◆ PROBLEM TO SOLVE
Within the material below, transcribe exactly the lines from the one holding "- D3: value" through the one holding "- moved U7 133.0", keeping both ends and skipping the rest.

◆ DATA FOR THIS EXERCISE
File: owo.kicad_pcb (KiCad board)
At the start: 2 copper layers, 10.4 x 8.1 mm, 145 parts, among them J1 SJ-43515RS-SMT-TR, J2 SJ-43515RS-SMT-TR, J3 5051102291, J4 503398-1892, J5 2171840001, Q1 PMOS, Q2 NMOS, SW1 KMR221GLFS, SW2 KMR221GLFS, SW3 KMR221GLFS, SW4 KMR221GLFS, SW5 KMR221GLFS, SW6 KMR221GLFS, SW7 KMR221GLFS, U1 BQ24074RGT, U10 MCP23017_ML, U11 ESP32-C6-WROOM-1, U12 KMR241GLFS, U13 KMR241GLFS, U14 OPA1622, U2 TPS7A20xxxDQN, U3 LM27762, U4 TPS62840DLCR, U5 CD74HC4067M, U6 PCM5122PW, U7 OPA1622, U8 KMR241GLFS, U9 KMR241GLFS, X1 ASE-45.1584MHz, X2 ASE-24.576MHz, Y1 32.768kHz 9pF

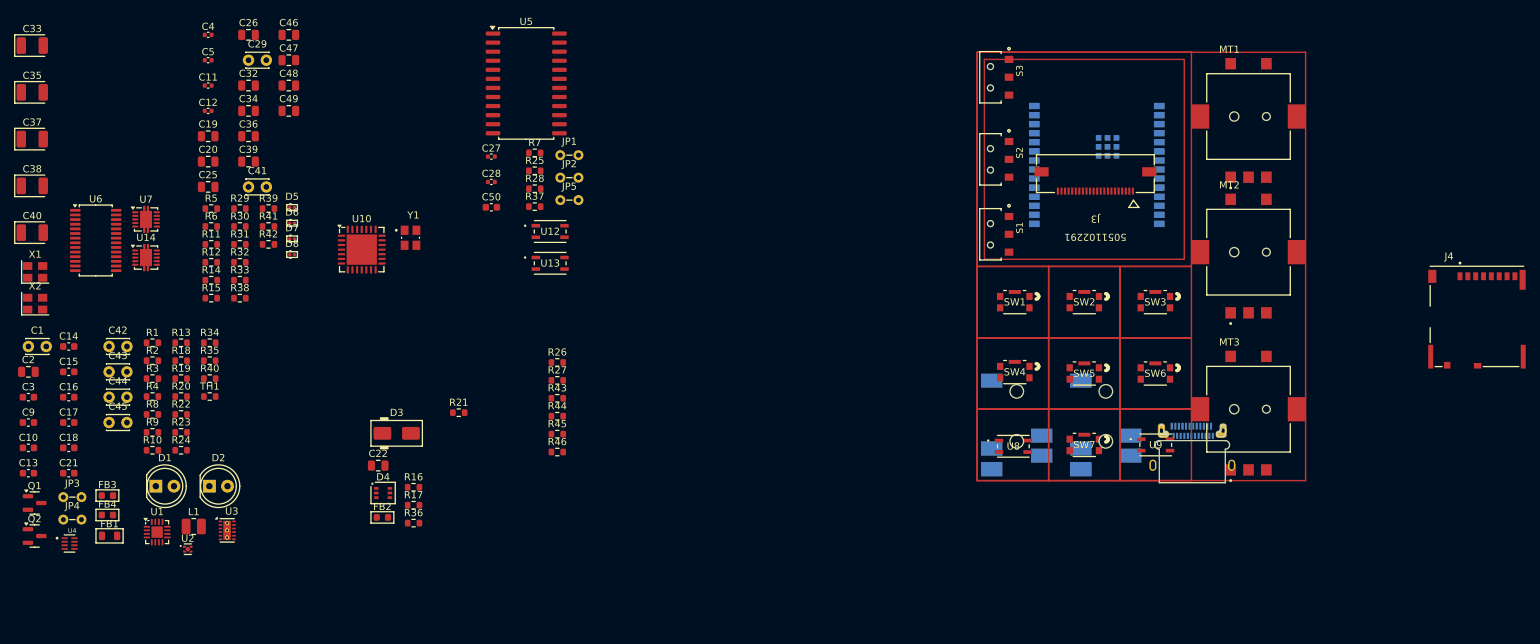
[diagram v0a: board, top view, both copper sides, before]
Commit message: ICs placed
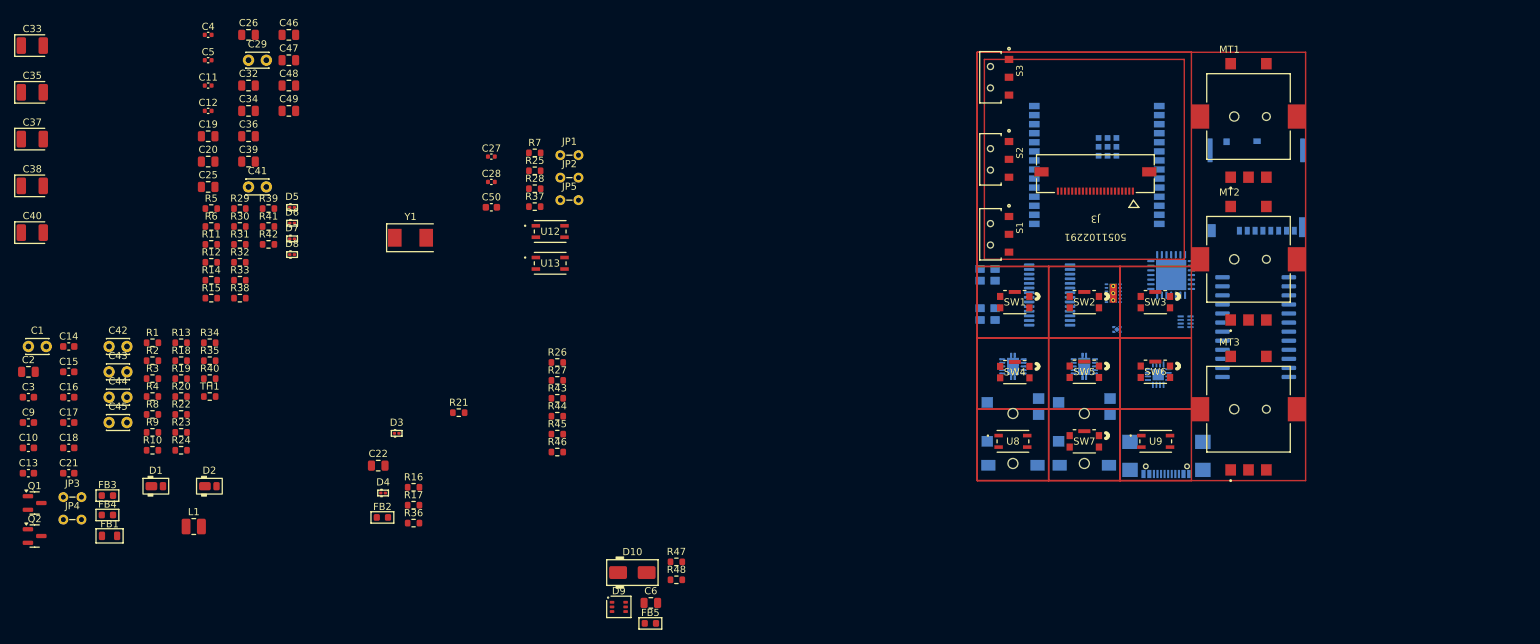
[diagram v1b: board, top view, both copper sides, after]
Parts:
- removed J5: 2171840001, uwu:MOLEX_2171840001
- added C6: 10uF/25V, Capacitor_SMD:C_0805_2012Metric, F.Cu at (100.3, 112.1)
- added D10: SS14, PCM_Diode_SMD_AKL:D_SMA, F.Cu at (97.7, 107.9)
- added D9: SMF05CT, PCM_Package_TO_SOT_SMD_AKL:SOT-363_SC-70-6, F.Cu at (95.8, 112.7)
- added FB5: 220@100MHz, PCM_Ferrite_SMD_AKL:Ferrite_0603_1608Metric, F.Cu at (100.2, 115.0)
- added J6: USB4110GFA, uwu:GCT_USB4110GFA, B.Cu at (172.5, 93.0)
- added R47: 1.1k, Resistor_SMD:R_0603_1608Metric, F.Cu at (103.9, 106.4)
- added R48: 1.1k, Resistor_SMD:R_0603_1608Metric, F.Cu at (103.9, 108.9)
- D1, D2: footprint LED_THT:LED_D5.0mm -> PCM_LED_SMD_AKL:LED_PLCC-2_2216
- D3: value SS14 -> SP1005-01WTG; footprint PCM_Diode_SMD_AKL:D_SMA -> PCM_Diode_SMD_AKL:D_0201_0603Metric
- D4: value SMF05CT -> SP1005-01WTG; footprint PCM_Package_TO_SOT_SMD_AKL:SOT-363_SC-70-6 -> PCM_Diode_SMD_AKL:D_0201_0603Metric
- J1, J2: value SJ-43515RS-SMT-TR -> SJ-43516-SMT-TR; footprint uwu:CUI_SJ-43515RS-SMT-TR -> uwu:CUI_SJ2-35894D-SMT-TR
- J4, U1, U10, U14, U2, U3, U4, U5, U6, U7, X1, X2: moved to B.Cu
- R14, R15: value 100 -> 10
- Y1: footprint uwu:XTAL_ASE-24.576MHZ-LC-T -> Crystal:Crystal_SMD_0603-2Pin_6.0x3.5mm
- moved U4 159.4 mm to (175.2, 72.8), turned to 180 degrees
- moved U1 142.0 mm to (171.4, 80.2), turned to 180 degrees
- moved U6 133.8 mm to (156.1, 69.0), turned to 180 degrees
- moved U2 133.7 mm to (165.6, 73.8), turned to 180 degrees
- moved X2 133.4 mm to (147.4, 71.7), turned to 180 degrees
- moved X1 133.4 mm to (147.4, 66.2), turned to 180 degrees
- moved U7 133.0 mm to (161.0, 79.0), turned to 180 degrees
- moved U3 128.5 mm to (165.1, 68.8), turned to 180 degrees
- moved U14 122.4 mm to (151.0, 79.0), turned to 180 degrees
- moved U10 113.4 mm to (173.2, 66.2), turned to 180 degrees
- moved U5 107.7 mm to (185.0, 73.5), turned to 180 degrees
- moved J4 35.6 mm to (185.1, 54.4)
- moved J2 13.7 mm to (161.0, 89.0)
- moved J1 10.5 mm to (151.0, 89.0)
- moved MT2 1.00 mm to (184.0, 64.0)
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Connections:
- D3 pad 2: USB_VBUS -> AGND
- D4 pad 1: USB_VBUS -> Net-(D4-K)
- D4 pad 2: GND -> AGND
- J1 pad 2: Net-(D8-K) -> Net-(D4-K)
- J1 pad 3: Net-(D7-K) -> Net-(D3-K)
- R14 pad 2: Net-(D8-K) -> Net-(D4-K)
- R15 pad 1: LINEOUT_L -> LINEOUT_R
- R15 pad 2: Net-(D7-K) -> Net-(D3-K)
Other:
- board outline removed

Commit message: all pcb elements positioned + minor schematics changes
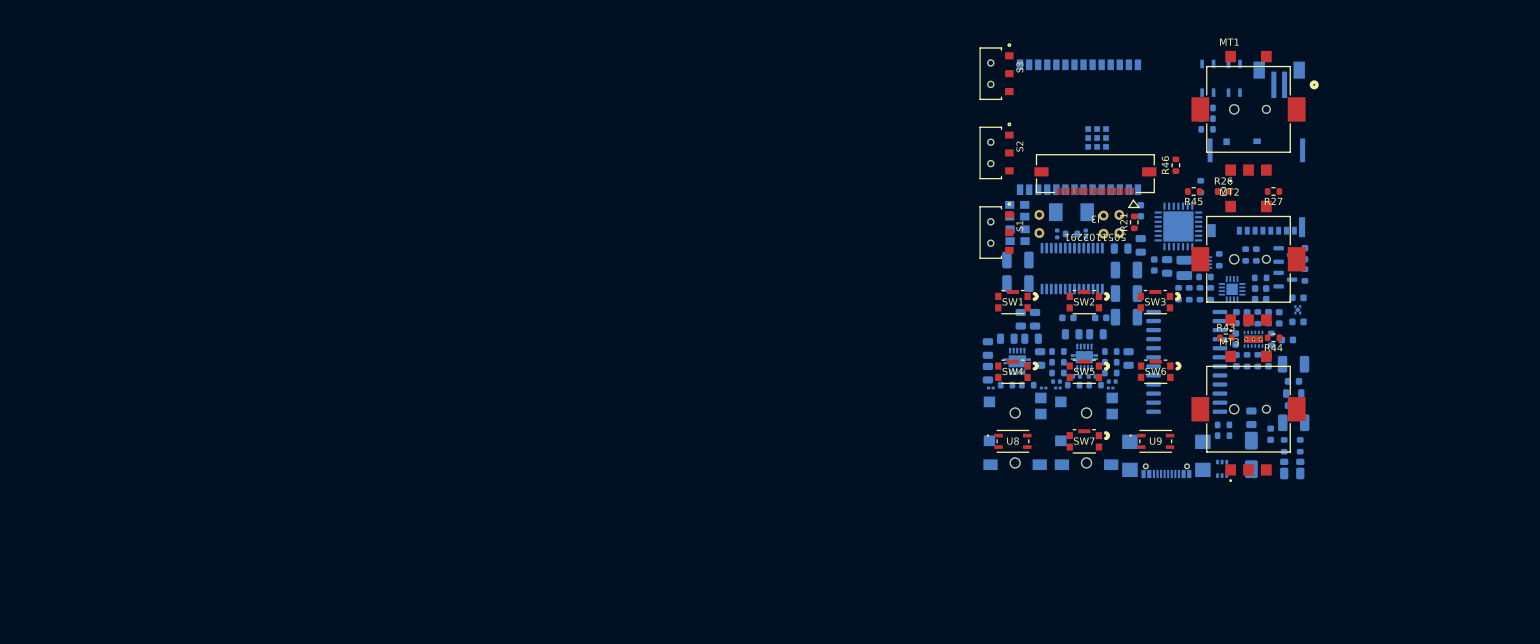
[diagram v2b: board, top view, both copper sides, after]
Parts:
- removed C22: 10uF/25V, Capacitor_SMD:C_0805_2012Metric
- removed D7, D8: SP1005-01WTG, PCM_Diode_SMD_AKL:D_0201_0603Metric
- removed FB2: 220@100MHz, PCM_Ferrite_SMD_AKL:Ferrite_0603_1608Metric
- removed JP3, JP4: Jumper_2_Bridged, PCM_Jumper_AKL:Jumper_P2.54mm_D0.7mm
- removed R16, R17: 1.1k, Resistor_SMD:R_0603_1608Metric
- removed R20: 10k, Resistor_SMD:R_0603_1608Metric
- removed R33, R38, R39, R41, R42: 0, Resistor_SMD:R_0603_1608Metric
- added J5: 3.7V, uwu:CONN_B2B-ZR-SM4-TF_JST, B.Cu at (189.0, 39.6)
- C1: value Capacitor_NP -> 1uF; footprint Capacitor_THT:C_Disc_D3.0mm_W2.0mm_P2.50mm -> Capacitor_SMD:C_0603_1608Metric; moved to B.Cu
- C10, C11, C12, C13, C14, C15, C16, C17, C18, C19, C2, C20, C21, C25, C26, C27, C28, C3, C32, C33, C34, C35, C36, C37, C38, C39, C4, C40, C46, C47, C48, C49, C5, C50, C6, C9, D1, D10, D2, D3, D4, D5, D6, D9, FB1, FB3, FB4, FB5, JP1, JP2, JP5, L1, Q1, Q2, R1, R10, R11, R12, R13, R14, R15, R18, R19, R2, R22, R23, R24, R25, R28, R29, R3, R30, R31, R32, R34, R35, R36, R37, R4, R40, R47, R48, R5, R6, R7, R8, R9, TH1, U12, U13, Y1: moved to B.Cu
- C29, C41: footprint Capacitor_THT:C_Disc_D3.0mm_W2.0mm_P2.50mm -> Capacitor_SMD:C_0603_1608Metric; moved to B.Cu
- C42, C44: value Capacitor_NP -> 10uF; footprint Capacitor_THT:C_Disc_D3.0mm_W2.0mm_P2.50mm -> Capacitor_Tantalum_SMD:CP_EIA-3528-21_Kemet-B; moved to B.Cu
- C43, C45: value Capacitor_NP -> 0.1uF; footprint Capacitor_THT:C_Disc_D3.0mm_W2.0mm_P2.50mm -> Capacitor_SMD:C_0603_1608Metric; moved to B.Cu
- moved Q2 179.6 mm to (189.2, 63.4)
- moved C10 178.7 mm to (190.9, 72.8), turned to 180 degrees
- moved Q1 178.0 mm to (189.2, 66.8)
- moved C1 176.4 mm to (189.4, 75.3)
- moved C13 174.4 mm to (186.8, 78.2), turned to 90 degrees
- moved C16 174.3 mm to (191.9, 63.2), turned to 90 degrees
- moved C15 172.5 mm to (190.9, 69.4)
- moved C9 169.8 mm to (182.3, 72.2), turned to -90 degrees
- moved C21 169.5 mm to (186.8, 72.2), turned to -90 degrees
- moved C18 168.3 mm to (185.7, 69.6)
- moved C17 168.0 mm to (185.7, 68.1), turned to 180 degrees
- moved FB1 167.1 mm to (190.3, 82.8)
- moved FB4 166.5 mm to (188.3, 72.2), turned to 90 degrees
- moved C42 166.3 mm to (190.3, 86.9), turned to 180 degrees
- moved C45 166.0 mm to (190.3, 81.1)
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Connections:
- C27 pad 1: AGND -> GND
- C28 pad 1: AGND -> GND
- R18 pad 2: Net-(JP3-A) -> VSYS
- R19 pad 2: Net-(JP4-A) -> VSYS
- SW1 pad 5: (no net) -> GND
- SW2 pad 5: (no net) -> GND
- SW3 pad 5: (no net) -> GND
- SW4 pad 5: (no net) -> GND
- SW5 pad 5: (no net) -> GND
- SW6 pad 5: (no net) -> GND
- SW7 pad 5: (no net) -> GND
- U14 pad 10: Net-(R42-+) -> LINEOUT_R
- U14 pad 6: Net-(R41-+) -> LINEOUT_L
- U6 pad 16: Net-(R39--) -> GND
- U6 pad 20: Net-(R33-+) -> Net-(U6-SCK)
- U6 pad 24: Net-(R38--) -> GND
- X1 pad 3: Net-(R33--) -> Net-(U6-SCK)
- X2 pad 3: Net-(R33-+) -> Net-(U6-SCK)
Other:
- board text added: "1M"

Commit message: tracing ground and some power planes
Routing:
- added copper zone on In2.Cu, net AGND
- added copper zone on In2.Cu, net GND
- added copper zone on In1.Cu, net V3.3_ANA
- added copper zone on In1.Cu, net V5N_ANA
- added copper zone on In1.Cu, net V5P_ANA
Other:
- copper layers 2 -> 4
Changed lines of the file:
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@@
 	(paper "A4")
 	(layers
-		(0 "F.Cu" signal)
+		(0 "F.Cu" jumper)
+		(1 "In1.Cu" signal)
+		(2 "In2.Cu" signal)
 		(31 "B.Cu" signal)
 		(32 "B.Adhes" user "B.Adhesive")
@@
 	)
 	(setup
+		(stackup
+			(layer "F.SilkS"
+				(type "Top Silk Screen")
+			)
+			(layer "F.Paste"
+				(type "Top Solder Paste")
+			)
+			(layer "F.Mask"
+				(type "Top Solder Mask")
+				(thickness 0.01)
+			)
+			(layer "F.Cu"
+				(type "copper")
+				(thickness 0.035)
+			)
+			(layer "dielectric 1"
+				(type "prepreg")
+				(thickness 0.1)
+				(material "FR4")
+				(epsilon_r 4.5)
+				(loss_tangent 0.02)
+			)
+			(layer "In1.Cu"
+				(type "copper")
+				(thickness 0.035)
+			)
+			(layer "dielectric 2"
+				(type "core")
+				(thickness 1.24)
+				(material "FR4")
+				(epsilon_r 4.5)
+				(loss_tangent 0.02)
+			)
+			(layer "In2.Cu"
+				(type "copper")
+				(thickness 0.035)
+			)
+			(layer "dielectric 3"
+				(type "prepreg")
+				(thickness 0.1)
+				(material "FR4")
+				(epsilon_r 4.5)
+				(loss_tangent 0.02)
+			)
+			(layer "B.Cu"
+				(type "copper")
+				(thickness 0.035)
+			)
+			(layer "B.Mask"
+				(type "Bottom Solder Mask")
+				(thickness 0.01)
+			)
+			(layer "B.Paste"
+				(type "Bottom Solder Paste")
+			)
+			(layer "B.SilkS"
+				(type "Bottom Silk Screen")
+			)
+			(copper_finish "None")
+			(dielectric_constraints no)
+		)
 		(pad_to_mask_clearance 0)
 		(allow_soldermask_bridges_in_footprints no)
@@
 		)
 	)
+	(zone
+		(net 25)
+		(net_name "V5N_ANA")
+		(layer "In1.Cu")
+		(hatch edge 0.5)
+		(priority 3)
+		(connect_pads
+			(clearance 0.5)
+		)
+		(min_thickness 0.25)
+		(filled_areas_thickness no)
+		(fill
+			(thermal_gap 0.5)
+			(thermal_bridge_width 0.5)
+		)
+		(polygon
+			(pts
+				(xy 189.1 70.7) (xy 146.5 70.7) (xy 146.5 75) (xy 182.88449 74.9) (xy 182.9 73.7) (xy 186 73.7)
+				(xy 189.1 73.7) (xy 189.1 73.7)
+			)
+		)
+	)
+	(zone
+		(net 24)
+		(net_name "V5P_ANA")
+		(layer "In1.Cu")
+		(hatch edge 0.5)
+		(priority 2)
+		(connect_pads
+			(clearance 0.5)
+		)
+		(min_thickness 0.25)
+		(filled_areas_thickness no)
+		(fill
+			(thermal_gap 0.5)
+			(thermal_bridge_width 0.5)
+		)
+		(polygon
+			(pts
+				(xy 189.1 76.7) (xy 182.9 76.7) (xy 182.892465 75.5) (xy 146.5 75.5) (xy 146.5 79.7) (xy 189.1 79.7)
+			)
+		)
+	)
+	(zone
+		(net 18)
+		(net_name "V3.3_ANA")
+		(layer "In1.Cu")
+		(hatch edge 0.5)
+		(priority 4)
+		(connect_pads
+			(clearance 0.5)
+		)
+		(min_thickness 0.25)
+		(filled_areas_thickness no)
+		(fill
+			(thermal_gap 0.5)
+			(thermal_bridge_width 0.5)
+		)
+		(polygon
+			(pts
+				(xy 146.5 62.6) (xy 146.5 70.3) (xy 146.5 70.3) (xy 189.5 70.3) (xy 189.5 83.8) (xy 189.6 83.9)
+				(xy 192.8 83.9) (xy 192.8 62.6)
+			)
+		)
+	)
+	(zone
+		(net 7)
+		(net_name "AGND")
+		(layer "In2.Cu")
+		(hatch edge 0.5)
+		(connect_pads
+			(clearance 0.5)
+		)
+		(min_thickness 0.25)
+		(filled_areas_thickness no)
+		(fill
+			(thermal_gap 0.5)
+			(thermal_bridge_width 0.5)
+		)
+		(polygon
+			(pts
+				(xy 166 94.9) (xy 166.1 64.9) (xy 146.5 64.9) (xy 146.5 94.8) (xy 146.5 94.9)
+			)
+		)
+	)
+	(zone
+		(net 4)
+		(net_name "GND")
+		(layer "In2.Cu")
+		(hatch edge 0.5)
+		(priority 1)
+		(connect_pads
+			(clearance 0.5)
+		)
+		(min_thickness 0.25)
+		(filled_areas_thickness no)
+		(fill
+			(thermal_gap 0.5)
+			(thermal_bridge_width 0.5)
+		)
+		(polygon
+			(pts
+				(xy 149 64.1) (xy 166.9 64.1) (xy 166.9 94.9) (xy 192.8 94.9) (xy 192.8 34.4) (xy 192.8 34.4) (xy 149 34.4)
+			)
+		)
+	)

◆ REPLY TO THE TASK
- D3: value SS14 -> SP1005-01WTG; footprint PCM_Diode_SMD_AKL:D_SMA -> PCM_Diode_SMD_AKL:D_0201_0603Metric
- D4: value SMF05CT -> SP1005-01WTG; footprint PCM_Package_TO_SOT_SMD_AKL:SOT-363_SC-70-6 -> PCM_Diode_SMD_AKL:D_0201_0603Metric
- J1, J2: value SJ-43515RS-SMT-TR -> SJ-43516-SMT-TR; footprint uwu:CUI_SJ-43515RS-SMT-TR -> uwu:CUI_SJ2-35894D-SMT-TR
- J4, U1, U10, U14, U2, U3, U4, U5, U6, U7, X1, X2: moved to B.Cu
- R14, R15: value 100 -> 10
- Y1: footprint uwu:XTAL_ASE-24.576MHZ-LC-T -> Crystal:Crystal_SMD_0603-2Pin_6.0x3.5mm
- moved U4 159.4 mm to (175.2, 72.8), turned to 180 degrees
- moved U1 142.0 mm to (171.4, 80.2), turned to 180 degrees
- moved U6 133.8 mm to (156.1, 69.0), turned to 180 degrees
- moved U2 133.7 mm to (165.6, 73.8), turned to 180 degrees
- moved X2 133.4 mm to (147.4, 71.7), turned to 180 degrees
- moved X1 133.4 mm to (147.4, 66.2), turned to 180 degrees
- moved U7 133.0 mm to (161.0, 79.0), turned to 180 degrees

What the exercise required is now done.